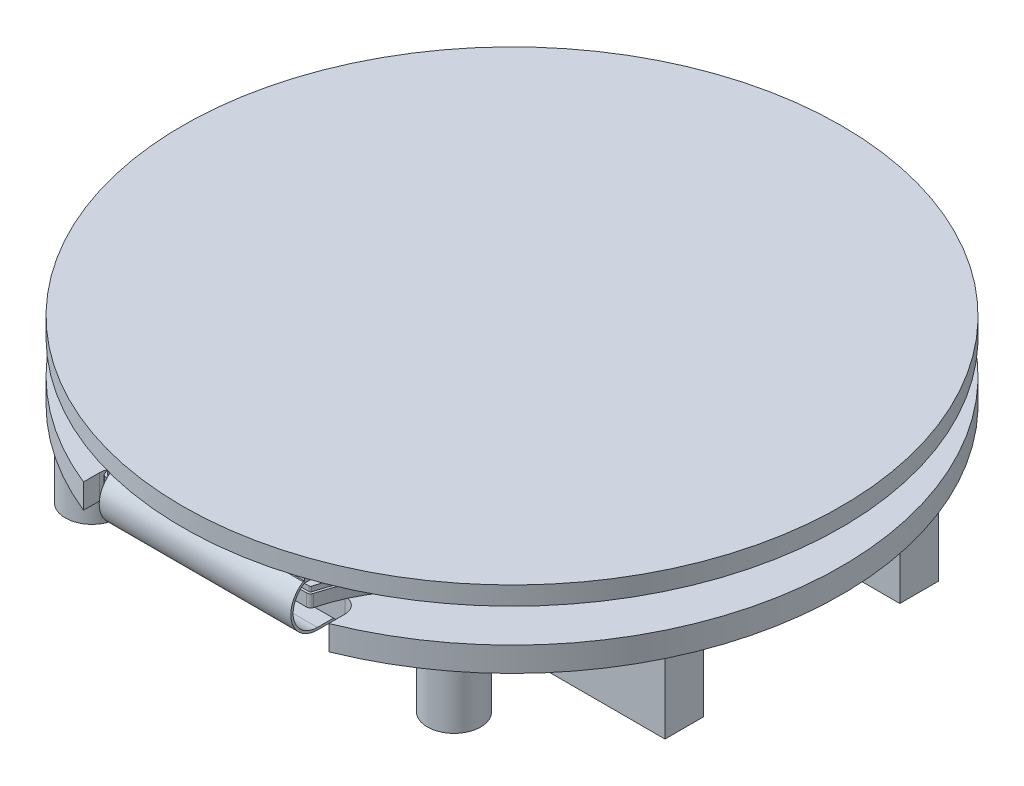
SolidWorks part; units mm, degrees
ref_plane "Front Plane" through (0, 0, 0) normal (0, 0, 1) x (1, 0, 0)
ref_plane "Top Plane" through (0, 0, 0) normal (0, 1, 0) x (1, 0, 0)
ref_plane "Right Plane" through (0, 0, 0) normal (1, 0, 0) x (0, 0, -1)
sketch "Sketch1" plane through (0, 0, 0) normal (0, 1, 0) x (1, 0, 0)
  line L0 (0, 17.75) -> (0, -19.95) construction
  line L1 (-6.75, -19.95) -> (6.75, -19.95)
  circle A0 centre (0, 0) radius 17.75
  arc A1 (-6.75, -19.95) -> (-10.0986, -14.5973) centre (-16.4685, -22.306) ccw
  arc A2 (6.75, -19.95) -> (10.0986, -14.5973) centre (16.4685, -22.306) cw
  point P8 (0, -19.95)
  dimension "D1" = 35.5
  dimension "D4" = 10
  dimension "D2" = 37.7
  dimension "D3" = 13.5
extrude "Boss-Extrude1" add sketch "Sketch1" along normal blind 0.8 contours A0 L0 L1 A2 | L0 A0 A1 L1 | L0 A0 | A0 L0 region at (7.5333, 0, 0) region at (-7.5333, 0, 0) region at (4.3011, 0, 18.3367) region at (-4.3011, 0, 18.3367)
fillet "Fillet1" radius 0.25 2 edges at (6.75, 0.4, 19.95) (-6.75, 0.4, 19.95)
sketch "Sketch2" plane through (0, 0.8, 0) normal (0, 1, 0) x (1, 0, 0)
  line L1 (-6.5553, -19.8) -> (6.5553, -19.8)
  line L3 (-6.5553, -19.95) -> (6.5553, -19.95)
  line L4 (-6.5553, -19.95) -> (6.5553, -19.95) construction
  arc A3 (6.5553, -19.8) -> (6.652, -19.7254) centre (6.5553, -19.7) ccw
  arc A4 (10.0081, -14.4775) -> (6.652, -19.7254) centre (16.4685, -22.306) ccw
  arc A5 (10.0081, -14.4775) -> (-10.0081, -14.4775) centre (0, 0) ccw
  arc A9 (-6.652, -19.7254) -> (-10.0081, -14.4775) centre (-16.4685, -22.306) ccw
  arc A10 (-6.652, -19.7254) -> (-6.5553, -19.8) centre (-6.5553, -19.7) ccw
  arc A11 (6.5553, -19.95) -> (6.7971, -19.7636) centre (6.5553, -19.7) ccw
  arc A12 (10.0986, -14.5973) -> (6.7971, -19.7636) centre (16.4685, -22.306) ccw
  arc A13 (10.0986, -14.5973) -> (-10.0986, -14.5973) centre (0, 0) ccw
  arc A14 (-6.7971, -19.7636) -> (-10.0986, -14.5973) centre (-16.4685, -22.306) ccw
  arc A15 (-6.7971, -19.7636) -> (-6.5553, -19.95) centre (-6.5553, -19.7) ccw
  arc A16 (6.5553, -19.95) -> (6.7971, -19.7636) centre (6.5553, -19.7) ccw construction
  arc A17 (10.0986, -14.5973) -> (6.7971, -19.7636) centre (16.4685, -22.306) ccw construction
  arc A18 (10.0986, -14.5973) -> (-10.0986, -14.5973) centre (0, 0) ccw construction
  arc A19 (-6.7971, -19.7636) -> (-10.0986, -14.5973) centre (-16.4685, -22.306) ccw construction
  arc A20 (-6.7971, -19.7636) -> (-6.5553, -19.95) centre (-6.5553, -19.7) ccw construction
  dimension "D1" = 0
  dimension "D2" = 0.15
extrude "Boss-Extrude2" add sketch "Sketch2" along normal blind 0.82
sketch "Sketch4" plane through (0, 1.62, 0) normal (0, 1, 0) x (1, 0, 0)
  line L0 (0, 0) -> (0, -19.95) construction
  line L1 (-6.5553, -19.95) -> (6.5553, -19.95) construction
  line L2 (10, -16.95) -> (-10, -16.95)
  line L5 (-10, -16.95) -> (-10, -19.95)
  line L6 (-10, -19.95) -> (10, -19.95)
  line L7 (10, -16.95) -> (10, -19.95)
  point P8 (0, -16.95)
  dimension "D1" = 3
  dimension "D2" = 20
  dimension "D3" = 3
extrude "Cut-Extrude1" cut sketch "Sketch4" against normal blind 0.5
sketch "Sketch5" plane through (0, 1.12, 0) normal (0, 1, 0) x (1, 0, 0)
  line L0 (0, -19.95) -> (0, -16.95) construction
  line L1 (-6.5553, -19.95) -> (6.5553, -19.95) construction
  line L2 (7.8467, -16.95) -> (-7.8467, -16.95) construction
  line L3 (7.8467, -16.95) -> (-7.8467, -16.95) construction
  line L4 (-5.45, -17.55) -> (5.45, -17.55)
  line L5 (-5.45, -17.55) -> (-5.45, -18.35)
  line L6 (-5.45, -18.35) -> (5.45, -18.35)
  line L7 (5.45, -17.55) -> (5.45, -18.35)
  line L8 (-5.45, -17.55) -> (5.45, -18.35) construction
  line L9 (-5.45, -18.35) -> (5.45, -17.55) construction
  line L10 (-6.25, -19) -> (6.25, -19)
  line L11 (-6.25, -19) -> (-6.25, -19.8)
  line L12 (-6.25, -19.8) -> (6.25, -19.8)
  line L13 (6.25, -19) -> (6.25, -19.8)
  line L14 (-6.25, -19) -> (6.25, -19.8) construction
  line L15 (-6.25, -19.8) -> (6.25, -19) construction
  line L16 (-6.5553, -19.8) -> (6.5553, -19.8) construction
  point P6 (0, -17.95)
  point P11 (0, -19.4)
  dimension "D1" = 0.8
  dimension "D2" = 0.8
  dimension "D3" = 0.6
  dimension "D4" = 12.5
  dimension "D5" = 10.9
extrude "Boss-Extrude3" add sketch "Sketch5" along normal blind 0.3
sketch "Sketch6" plane through (0, 0, 0) normal (0, -1, 0) x (1, 0, 0)
  line L0 (-17.2934, -4) -> (17.2934, -4) construction
  arc A0 (-10.0986, 14.5973) -> (10.0986, 14.5973) centre (0, 0) ccw construction
  text T0 "LCD GC9A01" font "Arial" height 2
  dimension "D1" = 4
extrude "Cut-Extrude2" cut sketch "Sketch6" against normal blind 0.001
sketch "Sketch8" plane through (0, 0, 0) normal (1, 0, 0) x (0, 0, -1)
  line L0 (-18.95, -1.8) -> (-10.65, -1.8)
  line L1 (-19.7636, 0) -> (-14.5973, 0) construction
  line L2 (-19.95, 0) -> (-19.95, 0.8) construction
  line L3 (-18.95, -1.95) -> (-10.65, -1.95)
  line L4 (-19.8805, 1.2466) -> (-19.8, 1.2466)
  line L6 (-19.8, 1.42) -> (-19.8, 1.12) construction
  line L7 (-19.8, 1.2466) -> (-19.8, 1.12)
  line L8 (-10.65, -1.8) -> (-10.65, -1.95)
  arc A0 (-19.8, 1.12) -> (-18.95, -1.8) centre (-18.95, -0.2163) ccw
  arc A1 (-19.8805, 1.2466) -> (-18.95, -1.95) centre (-18.95, -0.2163) ccw
  dimension "D1" = 1.8
  dimension "D2" = 9.3
  dimension "D4" = 1
  dimension "D5" = 0.15
extrude "Boss-Extrude4" add sketch "Sketch8" along normal mid plane 12.5 separate body
sketch "Sketch9" plane through (0, -1.95, 0) normal (0, -1, 0) x (1, 0, 0)
  line L0 (-5.15, 19.95) -> (-5.15, 14.45) construction
  line L1 (-6.5553, 19.95) -> (6.5553, 19.95) construction
  line L2 (-6.25, 18.95) -> (-6.25, 10.65) construction
  line L3 (0, 19.95) -> (0, 10.65) construction
  line L4 (6.25, 10.65) -> (-6.25, 10.65) construction
  circle A0 centre (-5.15, 14.45) radius 0.5
  circle A1 centre (5.15, 14.45) radius 0.5
  dimension "D3" = 1
  dimension "D1" = 5.5
  dimension "D2" = 1.1
extrude "Cut-Extrude3" cut sketch "Sketch9" against normal blind 0.2
sketch "Sketch10" plane through (0, -1.95, 0) normal (0, -1, 0) x (1, 0, 0)
  line L0 (-6.25, 18.95) -> (-6.25, 10.65) construction
  line L1 (6.25, 10.65) -> (5.15, 10.65)
  line L2 (6.25, 10.65) -> (6.25, 14.15)
  line L3 (6.25, 14.15) -> (6.15, 14.15)
  line L4 (5.15, 10.65) -> (5.15, 13.15)
  arc A0 (6.15, 14.15) -> (5.15, 13.15) centre (6.15, 13.15) ccw
  dimension "D3" = 1
  dimension "D1" = 11.4
  dimension "D2" = 3.5
extrude "Cut-Extrude4" cut sketch "Sketch10" against normal blind 0.2
fillet "Fillet2" radius 0.5 1 edges at (6.25, -1.875, 14.15)
fillet "Fillet3" radius 0.5 2 edges at (5.15, -1.875, 10.65) (-6.25, -1.875, 10.65)
sketch "Sketch11" plane through (0, -1.95, 0) normal (0, -1, 0) x (1, 0, 0)
  line L0 (4.65, 10.65) -> (-5.75, 10.65) construction
  line L1 (-4.65, 10.65) -> (-4.15, 10.65)
  line L2 (-4.65, 10.65) -> (-4.65, 12.65)
  line L3 (-4.65, 12.65) -> (-4.15, 12.65)
  line L4 (-4.15, 10.65) -> (-4.15, 12.65)
  line L5 (-6.25, 18.95) -> (-6.25, 11.15) construction
  line L6 (-3.95, 10.65) -> (-3.45, 10.65)
  line L7 (-3.95, 10.65) -> (-3.95, 12.65)
  line L8 (-3.95, 12.65) -> (-3.45, 12.65)
  line L9 (-3.45, 10.65) -> (-3.45, 12.65)
  line L10 (-3.25, 10.65) -> (-2.75, 10.65)
  line L11 (-3.25, 10.65) -> (-3.25, 12.65)
  line L12 (-3.25, 12.65) -> (-2.75, 12.65)
  line L13 (-2.75, 10.65) -> (-2.75, 12.65)
  line L14 (-2.55, 10.65) -> (-2.05, 10.65)
  line L15 (-2.55, 10.65) -> (-2.55, 12.65)
  line L16 (-2.55, 12.65) -> (-2.05, 12.65)
  line L17 (-2.05, 10.65) -> (-2.05, 12.65)
  line L18 (-1.85, 10.65) -> (-1.35, 10.65)
  line L19 (-1.85, 10.65) -> (-1.85, 12.65)
  line L20 (-1.85, 12.65) -> (-1.35, 12.65)
  line L21 (-1.35, 10.65) -> (-1.35, 12.65)
  line L22 (-1.15, 10.65) -> (-0.65, 10.65)
  line L23 (-1.15, 10.65) -> (-1.15, 12.65)
  line L24 (-1.15, 12.65) -> (-0.65, 12.65)
  line L25 (-0.65, 10.65) -> (-0.65, 12.65)
  line L26 (-0.45, 10.65) -> (0.05, 10.65)
  line L27 (-0.45, 10.65) -> (-0.45, 12.65)
  line L28 (-0.45, 12.65) -> (0.05, 12.65)
  line L29 (0.05, 10.65) -> (0.05, 12.65)
  line L30 (0.25, 10.65) -> (0.75, 10.65)
  line L31 (0.25, 10.65) -> (0.25, 12.65)
  line L32 (0.25, 12.65) -> (0.75, 12.65)
  line L33 (0.75, 10.65) -> (0.75, 12.65)
  line L34 (0.95, 10.65) -> (1.45, 10.65)
  line L35 (0.95, 10.65) -> (0.95, 12.65)
  line L36 (0.95, 12.65) -> (1.45, 12.65)
  line L37 (1.45, 10.65) -> (1.45, 12.65)
  line L38 (1.65, 10.65) -> (2.15, 10.65)
  line L39 (1.65, 10.65) -> (1.65, 12.65)
  line L40 (1.65, 12.65) -> (2.15, 12.65)
  line L41 (2.15, 10.65) -> (2.15, 12.65)
  line L42 (2.35, 10.65) -> (2.85, 10.65)
  line L43 (2.35, 10.65) -> (2.35, 12.65)
  line L44 (2.35, 12.65) -> (2.85, 12.65)
  line L45 (2.85, 10.65) -> (2.85, 12.65)
  line L46 (3.05, 10.65) -> (3.55, 10.65)
  line L47 (3.05, 10.65) -> (3.05, 12.65)
  line L48 (3.05, 12.65) -> (3.55, 12.65)
  line L49 (3.55, 10.65) -> (3.55, 12.65)
  line L50 (5.15, 13.15) -> (5.15, 11.15) construction
  dimension "D1" = 0.5
  dimension "D2" = 2
  dimension "D3" = 1.6
  dimension "D5" = 1.6
  dimension "D4" = 12
extrude "Cut-Extrude5" cut sketch "Sketch11" against normal blind 0.01
sketch "Esquisse1" plane through (0, 0, 0) normal (0, 1, 0) x (1, 0, 0)
  line L1 (-8, -25.1) -> (8, -25.1)
  line L2 (-8, -25.1) -> (-8, -18.9)
  line L3 (-7, -17.9) -> (7, -17.9)
  line L4 (8, -25.1) -> (8, -18.9)
  line L5 (-8, -25.1) -> (8, -17.9) construction
  line L6 (-8, -17.9) -> (8, -25.1) construction
  circle A0 centre (0, 0) radius 21.5
  arc A1 (-8, -18.9) -> (-7, -17.9) centre (-7, -18.9) cw
  arc A2 (7, -17.9) -> (8, -18.9) centre (7, -18.9) cw
  point P3 (0, -21.5)
  dimension "D1" = 43
  dimension "D4" = 1
  dimension "D2" = 16
  dimension "D3" = 3.6
extrude "Boss.-Extru.1" add sketch "Esquisse1" against normal blind 1.6 from offset 0.2 separate body contours L3 A2 L4 A0 L2 A1 region at (0, 0, -0.6815) offset against normal yes
sketch "Esquisse2" plane through (0, 0, 0) normal (0, 1, 0) x (1, 0, 0)
  circle A0 centre (0, 0) radius 21.5
  arc A1 (8, -19.9562) -> (-8, -19.9562) centre (0, 0) ccw construction
extrude "Boss.-Extru.2" add sketch "Esquisse2" along normal blind 1.1 from offset 2.1 separate body
sketch "Esquisse3" plane through (0, 2.1, 0) normal (0, -1, 0) x (1, 0, 0)
  circle A0 centre (0, 0) radius 21.5 construction
  circle A1 centre (0, 0) radius 21.5
  circle A2 centre (0, 0) radius 16.5
  dimension "D1" = 5
extrude "Boss.-Extru.3" add sketch "Esquisse3" along normal blind 0.1
sketch "Esquisse4" plane through (0, -1.8, 0) normal (0, -1, 0) x (1, 0, 0)
  line L0 (0, -19.46) -> (11.811, 15.5937) construction
  line L1 (11.811, 15.5937) -> (-11.811, 15.5937) construction
  line L2 (-11.811, 15.5937) -> (0, -19.46) construction
  line L3 (0, -19.46) -> (0, 15.5937) construction
  circle A0 centre (0, -19.46) radius 0.8
  circle A1 centre (11.811, 15.5937) radius 0.8
  circle A2 centre (-11.811, 15.5937) radius 0.8
  circle A3 centre (0, -19.46) radius 1.735
  circle A4 centre (11.811, 15.5937) radius 1.735
  circle A5 centre (-11.811, 15.5937) radius 1.735
  dimension "D3" = 3.47
  dimension "D4" = 1.6
  dimension "D1" = 19.46
  dimension "D2" = 23.622
  dimension "D5" = 36.99
extrude "Boss.-Extru.4" add sketch "Esquisse4" along normal blind 3.66 separate body
sketch "Esquisse5" plane through (0, -1.8, 0) normal (0, -1, 0) x (1, 0, 0)
  line L0 (0.55, 7.66) -> (2.105, 7.66) construction
  line L1 (18.9, 8.92) -> (0.55, 8.92)
  line L2 (18.9, 8.92) -> (18.9, 6.4)
  line L3 (18.9, 6.4) -> (0.55, 6.4)
  line L4 (0.55, 8.92) -> (0.55, 6.4)
  line L5 (2.105, 7.66) -> (4.645, 7.66) construction
  line L6 (4.645, 7.66) -> (7.185, 7.66) construction
  line L7 (7.185, 7.66) -> (9.725, 7.66) construction
  line L8 (9.725, 7.66) -> (12.265, 7.66) construction
  line L9 (12.265, 7.66) -> (14.805, 7.66) construction
  line L10 (14.805, 7.66) -> (17.345, 7.66) construction
  line L11 (17.345, 7.66) -> (18.9, 7.66) construction
  line L12 (2.8325, 0) -> (-2.8325, 0) construction
  line L13 (1.755, 8.01) -> (2.455, 8.01)
  line L14 (1.755, 8.01) -> (1.755, 7.31)
  line L15 (1.755, 7.31) -> (2.455, 7.31)
  line L16 (2.455, 8.01) -> (2.455, 7.31)
  line L17 (1.755, 8.01) -> (2.455, 7.31) construction
  line L18 (1.755, 7.31) -> (2.455, 8.01) construction
  line L19 (4.295, 8.01) -> (4.995, 8.01)
  line L20 (4.295, 8.01) -> (4.295, 7.31)
  line L21 (4.295, 7.31) -> (4.995, 7.31)
  line L22 (4.995, 8.01) -> (4.995, 7.31)
  line L23 (4.295, 8.01) -> (4.995, 7.31) construction
  line L24 (4.295, 7.31) -> (4.995, 8.01) construction
  line L25 (6.835, 8.01) -> (7.535, 8.01)
  line L26 (6.835, 8.01) -> (6.835, 7.31)
  line L27 (6.835, 7.31) -> (7.535, 7.31)
  line L28 (7.535, 8.01) -> (7.535, 7.31)
  line L29 (6.835, 8.01) -> (7.535, 7.31) construction
  line L30 (6.835, 7.31) -> (7.535, 8.01) construction
  line L31 (9.375, 8.01) -> (10.075, 8.01)
  line L32 (9.375, 8.01) -> (9.375, 7.31)
  line L33 (9.375, 7.31) -> (10.075, 7.31)
  line L34 (10.075, 8.01) -> (10.075, 7.31)
  line L35 (9.375, 8.01) -> (10.075, 7.31) construction
  line L36 (9.375, 7.31) -> (10.075, 8.01) construction
  line L37 (11.915, 8.01) -> (12.615, 8.01)
  line L38 (11.915, 8.01) -> (11.915, 7.31)
  line L39 (11.915, 7.31) -> (12.615, 7.31)
  line L40 (12.615, 8.01) -> (12.615, 7.31)
  line L41 (11.915, 8.01) -> (12.615, 7.31) construction
  line L42 (11.915, 7.31) -> (12.615, 8.01) construction
  line L43 (14.455, 8.01) -> (15.155, 8.01)
  line L44 (14.455, 8.01) -> (14.455, 7.31)
  line L45 (14.455, 7.31) -> (15.155, 7.31)
  line L46 (15.155, 8.01) -> (15.155, 7.31)
  line L47 (14.455, 8.01) -> (15.155, 7.31) construction
  line L48 (14.455, 7.31) -> (15.155, 8.01) construction
  line L49 (16.995, 8.01) -> (17.695, 8.01)
  line L50 (16.995, 8.01) -> (16.995, 7.31)
  line L51 (16.995, 7.31) -> (17.695, 7.31)
  line L52 (17.695, 8.01) -> (17.695, 7.31)
  line L53 (16.995, 8.01) -> (17.695, 7.31) construction
  line L54 (16.995, 7.31) -> (17.695, 8.01) construction
  line L55 (16.995, -7.31) -> (17.695, -8.01) construction
  line L56 (16.995, -8.01) -> (17.695, -7.31) construction
  line L57 (14.455, -7.31) -> (15.155, -8.01) construction
  line L58 (14.455, -8.01) -> (15.155, -7.31) construction
  line L59 (11.915, -7.31) -> (12.615, -8.01) construction
  line L60 (11.915, -8.01) -> (12.615, -7.31) construction
  line L61 (9.375, -7.31) -> (10.075, -8.01) construction
  line L62 (9.375, -8.01) -> (10.075, -7.31) construction
  line L63 (6.835, -7.31) -> (7.535, -8.01) construction
  line L64 (6.835, -8.01) -> (7.535, -7.31) construction
  line L65 (4.295, -7.31) -> (4.995, -8.01) construction
  line L66 (4.295, -8.01) -> (4.995, -7.31) construction
  line L67 (1.755, -7.31) -> (2.455, -8.01) construction
  line L68 (1.755, -8.01) -> (2.455, -7.31) construction
  line L69 (17.345, -7.66) -> (18.9, -7.66) construction
  line L70 (14.805, -7.66) -> (17.345, -7.66) construction
  line L71 (12.265, -7.66) -> (14.805, -7.66) construction
  line L72 (9.725, -7.66) -> (12.265, -7.66) construction
  line L73 (7.185, -7.66) -> (9.725, -7.66) construction
  line L74 (4.645, -7.66) -> (7.185, -7.66) construction
  line L75 (2.105, -7.66) -> (4.645, -7.66) construction
  line L76 (0.55, -7.66) -> (2.105, -7.66) construction
  line L77 (17.695, -8.01) -> (17.695, -7.31)
  line L78 (16.995, -7.31) -> (17.695, -7.31)
  line L79 (16.995, -8.01) -> (16.995, -7.31)
  line L80 (16.995, -8.01) -> (17.695, -8.01)
  line L81 (15.155, -8.01) -> (15.155, -7.31)
  line L82 (14.455, -7.31) -> (15.155, -7.31)
  line L83 (14.455, -8.01) -> (14.455, -7.31)
  line L84 (14.455, -8.01) -> (15.155, -8.01)
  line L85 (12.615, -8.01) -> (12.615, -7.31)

______________________________

> _Brief_
From the entries above, copy each line holding "edges".

> _Written answer_
fillet "Fillet1" radius 0.25 2 edges at (6.75, 0.4, 19.95) (-6.75, 0.4, 19.95)
fillet "Fillet2" radius 0.5 1 edges at (6.25, -1.875, 14.15)
fillet "Fillet3" radius 0.5 2 edges at (5.15, -1.875, 10.65) (-6.25, -1.875, 10.65)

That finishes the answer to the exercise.